“Ridge to reef” is an environmental planning concept — what happens inland eventually reaches the coast. Rain carries sediment. Rivers carry waste. The ocean receives everything. GIZ commissioned waste characterization visuals across three Southeast Asian sites: a tourist town, a remote UNESCO reef, and a river city whose drainage flows straight to sea.
Each location had different data, different geometry, and a different story.
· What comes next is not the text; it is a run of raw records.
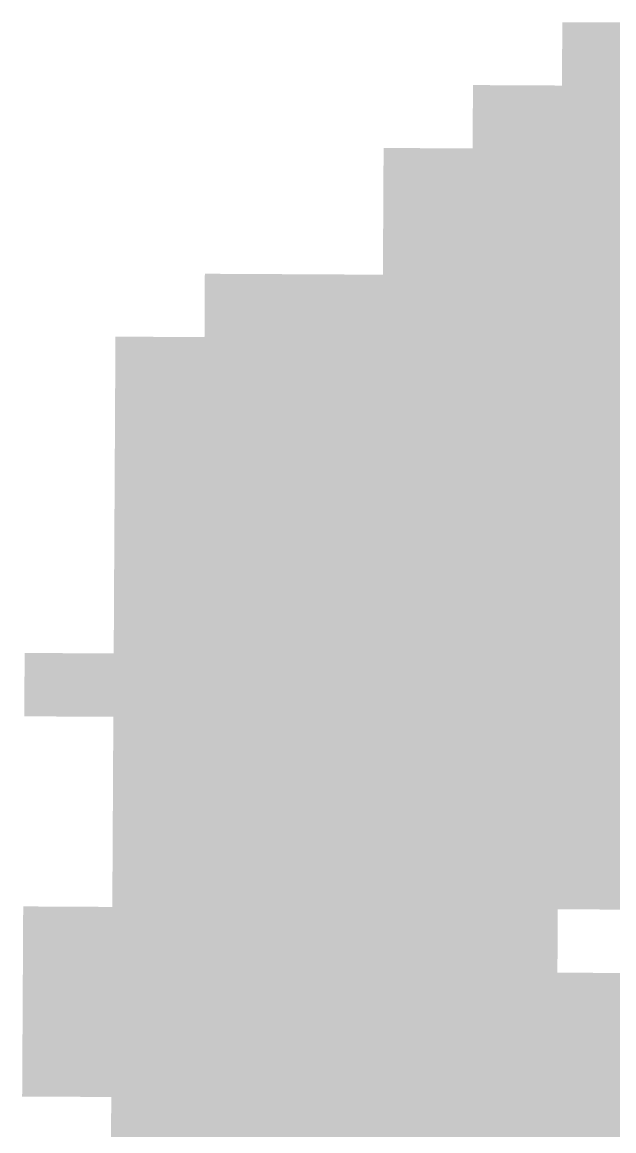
# Model space of a CAD drawing. Header units: inches. Extents: x 267136 to 306747, y 5028981 to 5062930.
# Drawn here: x 269605 to 272851, y 5035057 to 5041133 of the extents above; entities that cross this region are included whole.
import ezdxf

# ---------------------------------------------------------------- set-up
doc = ezdxf.new("R2010")
doc.units = ezdxf.units.IN
doc.header["$MEASUREMENT"] = 0

msp = doc.modelspace()

# ---------------------------------------------------------------- hatches: boundary and pattern name
for points in [[(273054.979, 5040783.504), (273022.42, 5040783.669), (272957.303, 5040783.999), (272892.184, 5040784.33), (272827.066, 5040784.661), (272761.947, 5040784.993), (272631.713, 5040785.659), (272566.594, 5040785.993), (272566.832, 5040832.298), (272567.307, 5040924.906), (272567.783, 5041017.515), (272568.258, 5041110.124), (272568.377, 5041133.276), (272633.492, 5041132.942), (272698.605, 5041132.609), (272763.721, 5041132.276), (272828.836, 5041131.944), (272893.949, 5041131.613), (272959.064, 5041131.282), (273024.178, 5041130.952), (273056.736, 5041130.787), (273056.619, 5041107.635), (273056.15, 5041015.026), (273055.682, 5040922.417), (273055.213, 5040829.809), (273054.979, 5040783.504)], [(272564.811, 5040438.71), (272499.689, 5040439.045), (272434.568, 5040439.381), (272369.445, 5040439.717), (272239.203, 5040440.391), (272174.082, 5040440.729), (272108.959, 5040441.068), (272076.398, 5040441.238), (272076.52, 5040464.39), (272077.002, 5040556.999), (272077.484, 5040649.607), (272077.969, 5040742.216), (272078.209, 5040788.521), (272110.768, 5040788.351), (272175.887, 5040788.012), (272241.004, 5040787.674), (272306.123, 5040787.336), (272436.357, 5040786.664), (272501.477, 5040786.328), (272566.594, 5040785.993), (272566.355, 5040739.689), (272565.881, 5040647.08), (272565.404, 5040554.472), (272564.93, 5040461.863), (272564.811, 5040438.71)], [(273053.223, 5040436.221), (273020.662, 5040436.386), (272955.539, 5040436.716), (272825.297, 5040437.378), (272760.176, 5040437.71), (272695.053, 5040438.043), (272629.932, 5040438.376), (272564.811, 5040438.71), (272564.93, 5040461.863), (272565.404, 5040554.472), (272565.881, 5040647.08), (272566.355, 5040739.689), (272566.594, 5040785.993), (272631.713, 5040785.659), (272761.947, 5040784.993), (272827.066, 5040784.661), (272892.184, 5040784.33), (272957.303, 5040783.999), (273022.42, 5040783.669), (273054.979, 5040783.504), (273054.744, 5040737.2), (273054.275, 5040644.591), (273053.809, 5040551.982), (273053.34, 5040459.374), (273053.223, 5040436.221)], [(272074.588, 5040093.955), (272042.025, 5040094.125), (271976.9, 5040094.465), (271846.65, 5040095.147), (271651.275, 5040096.176), (271586.15, 5040096.521), (271586.639, 5040189.129), (271587.619, 5040374.347), (271587.986, 5040443.803), (271653.109, 5040443.459), (271718.23, 5040443.115), (271783.352, 5040442.772), (271848.473, 5040442.43), (271913.596, 5040442.088), (272043.838, 5040441.408), (272076.398, 5040441.238), (272076.037, 5040371.781), (272075.555, 5040279.172), (272075.07, 5040186.564), (272074.588, 5040093.955)], [(272563.027, 5040091.428), (272497.902, 5040091.763), (272432.777, 5040092.098), (272367.652, 5040092.435), (272302.527, 5040092.771), (272237.4, 5040093.108), (272107.15, 5040093.786), (272074.588, 5040093.955), (272075.07, 5040186.564), (272075.555, 5040279.172), (272076.037, 5040371.781), (272076.398, 5040441.238), (272108.959, 5040441.068), (272174.082, 5040440.729), (272239.203, 5040440.391), (272369.445, 5040439.717), (272434.568, 5040439.381), (272499.689, 5040439.045), (272564.811, 5040438.71), (272564.453, 5040369.254), (272563.979, 5040276.646), (272563.502, 5040184.037), (272563.027, 5040091.428)], [(273051.467, 5040088.939), (273018.904, 5040089.104), (272953.777, 5040089.434), (272888.652, 5040089.764), (272758.402, 5040090.428), (272628.152, 5040091.094), (272563.027, 5040091.428), (272563.502, 5040184.037), (272563.979, 5040276.646), (272564.453, 5040369.254), (272564.811, 5040438.71), (272629.932, 5040438.376), (272695.053, 5040438.043), (272760.176, 5040437.71), (272825.297, 5040437.378), (272955.539, 5040436.716), (273020.662, 5040436.386), (273053.223, 5040436.221), (273052.871, 5040366.765), (273052.402, 5040274.156), (273051.934, 5040181.547), (273051.467, 5040088.939)], [(272072.777, 5039746.673), (272040.213, 5039746.843), (271975.084, 5039747.183), (271909.955, 5039747.524), (271844.828, 5039747.865), (271779.699, 5039748.208), (271714.57, 5039748.55), (271584.312, 5039749.238), (271584.68, 5039818.694), (271586.15, 5040096.521), (271651.275, 5040096.176), (271846.65, 5040095.147), (271976.9, 5040094.465), (272042.025, 5040094.125), (272074.588, 5040093.955), (272074.105, 5040001.347), (272073.141, 5039816.129), (272072.777, 5039746.673)], [(272561.244, 5039744.146), (272496.115, 5039744.48), (272365.857, 5039745.152), (272300.729, 5039745.489), (272235.6, 5039745.826), (272170.471, 5039746.165), (272105.342, 5039746.503), (272072.777, 5039746.673), (272073.141, 5039816.129), (272074.105, 5040001.347), (272074.588, 5040093.955), (272107.15, 5040093.786), (272237.4, 5040093.108), (272302.527, 5040092.771), (272367.652, 5040092.435), (272432.777, 5040092.098), (272563.027, 5040091.428), (272562.551, 5039998.819), (272562.076, 5039906.211), (272561.6, 5039813.602), (272561.244, 5039744.146)], [(273049.709, 5039741.656), (273017.145, 5039741.821), (272952.016, 5039742.151), (272886.889, 5039742.482), (272821.76, 5039742.813), (272756.631, 5039743.146), (272691.502, 5039743.478), (272561.244, 5039744.146), (272561.6, 5039813.602), (272562.076, 5039906.211), (272562.551, 5039998.819), (272563.027, 5040091.428), (272628.152, 5040091.094), (272758.402, 5040090.428), (272888.652, 5040089.764), (272953.777, 5040089.434), (273018.904, 5040089.104), (273051.467, 5040088.939), (273050.998, 5039996.33), (273050.529, 5039903.722), (273050.061, 5039811.113), (273049.709, 5039741.656)], [(271093.982, 5039404.559), (271061.416, 5039404.734), (270996.283, 5039405.084), (270931.15, 5039405.435), (270866.02, 5039405.787), (270800.887, 5039406.139), (270735.754, 5039406.492), (270605.488, 5039407.2), (270605.742, 5039453.504), (270607.254, 5039731.331), (270607.381, 5039754.482), (270737.639, 5039753.774), (270802.768, 5039753.421), (270867.896, 5039753.069), (270933.023, 5039752.717), (270998.152, 5039752.367), (271063.281, 5039752.016), (271095.846, 5039751.841), (271095.723, 5039728.689), (271095.225, 5039636.081), (271094.729, 5039543.472), (271094.23, 5039450.863), (271093.982, 5039404.559)], [(271582.475, 5039401.956), (271517.342, 5039402.301), (271452.211, 5039402.646), (271387.078, 5039402.993), (271321.945, 5039403.339), (271256.812, 5039403.687), (271191.68, 5039404.036), (271126.549, 5039404.384), (271093.982, 5039404.559), (271094.23, 5039450.863), (271094.729, 5039543.472), (271095.225, 5039636.081), (271095.723, 5039728.689), (271095.846, 5039751.841), (271128.41, 5039751.667), (271193.539, 5039751.317), (271258.668, 5039750.969), (271388.926, 5039750.275), (271519.184, 5039749.583), (271584.312, 5039749.238), (271584.189, 5039726.086), (271583.699, 5039633.478), (271583.209, 5039540.869), (271582.721, 5039448.26), (271582.475, 5039401.956)], [(272070.969, 5039399.391), (272038.402, 5039399.561), (271973.27, 5039399.901), (271843.004, 5039400.583), (271777.871, 5039400.925), (271712.74, 5039401.268), (271647.607, 5039401.612), (271582.475, 5039401.956), (271582.721, 5039448.26), (271583.209, 5039540.869), (271583.699, 5039633.478), (271584.189, 5039726.086), (271584.312, 5039749.238), (271714.57, 5039748.55), (271779.699, 5039748.208), (271844.828, 5039747.865), (271909.955, 5039747.524), (271975.084, 5039747.183), (272040.213, 5039746.843), (272072.777, 5039746.673), (272072.658, 5039723.521), (272072.174, 5039630.912), (272071.691, 5039538.304), (272071.209, 5039445.695), (272070.969, 5039399.391)], [(272559.461, 5039396.863), (272494.328, 5039397.198), (272429.195, 5039397.534), (272364.064, 5039397.87), (272298.932, 5039398.207), (272233.799, 5039398.544), (272168.666, 5039398.882), (272103.533, 5039399.221), (272070.969, 5039399.391), (272071.209, 5039445.695), (272071.691, 5039538.304), (272072.174, 5039630.912), (272072.658, 5039723.521), (272072.777, 5039746.673), (272105.342, 5039746.503), (272170.471, 5039746.165), (272235.6, 5039745.826), (272300.729, 5039745.489), (272365.857, 5039745.152), (272496.115, 5039744.48), (272561.244, 5039744.146), (272561.125, 5039720.994), (272560.65, 5039628.385), (272560.174, 5039535.776), (272559.699, 5039443.168), (272559.461, 5039396.863)], [(273047.953, 5039394.375), (273015.387, 5039394.539), (272950.256, 5039394.869), (272819.99, 5039395.531), (272754.857, 5039395.863), (272689.725, 5039396.196), (272624.594, 5039396.529), (272559.461, 5039396.863), (272559.699, 5039443.168), (272560.174, 5039535.776), (272560.65, 5039628.385), (272561.125, 5039720.994), (272561.244, 5039744.146), (272691.502, 5039743.478), (272756.631, 5039743.146), (272821.76, 5039742.813), (272886.889, 5039742.482), (272952.016, 5039742.151), (273017.145, 5039741.821), (273049.709, 5039741.656), (273049.592, 5039718.504), (273049.125, 5039625.896), (273048.656, 5039533.287), (273048.187, 5039440.679), (273047.953, 5039394.375)], [(270603.598, 5039059.918), (270538.463, 5039060.273), (270408.189, 5039060.985), (270343.055, 5039061.343), (270277.918, 5039061.7), (270212.781, 5039062.059), (270147.646, 5039062.418), (270115.078, 5039062.598), (270115.205, 5039085.75), (270115.717, 5039178.358), (270116.229, 5039270.967), (270116.74, 5039363.575), (270116.996, 5039409.879), (270149.562, 5039409.7), (270279.828, 5039408.982), (270344.959, 5039408.625), (270475.225, 5039407.911), (270540.357, 5039407.555), (270605.488, 5039407.2), (270604.732, 5039268.288), (270604.229, 5039175.679), (270603.725, 5039083.07), (270603.598, 5039059.918)], [(271092.117, 5039057.277), (271059.551, 5039057.452), (270994.414, 5039057.802), (270929.277, 5039058.153), (270864.143, 5039058.505), (270799.006, 5039058.857), (270733.869, 5039059.21), (270668.734, 5039059.564), (270603.598, 5039059.918), (270603.725, 5039083.07), (270604.229, 5039175.679), (270604.732, 5039268.288), (270605.488, 5039407.2), (270735.754, 5039406.492), (270800.887, 5039406.139), (270866.02, 5039405.787), (270931.15, 5039405.435), (270996.283, 5039405.084), (271061.416, 5039404.734), (271093.982, 5039404.559), (271093.734, 5039358.255), (271093.236, 5039265.646), (271092.738, 5039173.038), (271092.242, 5039080.429), (271092.117, 5039057.277)], [(271580.639, 5039054.674), (271515.502, 5039055.019), (271450.365, 5039055.364), (271385.23, 5039055.71), (271320.094, 5039056.058), (271254.957, 5039056.405), (271189.822, 5039056.753), (271124.686, 5039057.103), (271092.117, 5039057.277), (271092.242, 5039080.429), (271092.738, 5039173.038), (271093.236, 5039265.646), (271093.734, 5039358.255), (271093.982, 5039404.559), (271126.549, 5039404.384), (271191.68, 5039404.036), (271256.812, 5039403.687), (271321.945, 5039403.339), (271387.078, 5039402.993), (271452.211, 5039402.646), (271517.342, 5039402.301), (271582.475, 5039401.956), (271582.23, 5039355.651), (271581.25, 5039170.435), (271580.76, 5039077.826), (271580.639, 5039054.674)], [(272069.158, 5039052.109), (272036.59, 5039052.278), (271971.453, 5039052.619), (271906.318, 5039052.959), (271841.182, 5039053.301), (271776.045, 5039053.643), (271710.91, 5039053.986), (271645.773, 5039054.33), (271580.639, 5039054.674), (271580.76, 5039077.826), (271581.25, 5039170.435), (271582.23, 5039355.651), (271582.475, 5039401.956), (271647.607, 5039401.612), (271712.74, 5039401.268), (271777.871, 5039400.925), (271843.004, 5039400.583), (271973.27, 5039399.901), (272038.402, 5039399.561), (272070.969, 5039399.391), (272070.727, 5039353.086), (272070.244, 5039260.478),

All three had to feel like the same document.
Process
Data work was done in Python — cleaning census records, waste generation logs, and geolocated debris entries. QGIS handled waterway and boundary extraction for the Manado map, pulling features from OpenStreetMap and government datasets. Final layout and typographic treatment were done in Illustrator across multiple iteration rounds (v1 → v2 → v3 → Final).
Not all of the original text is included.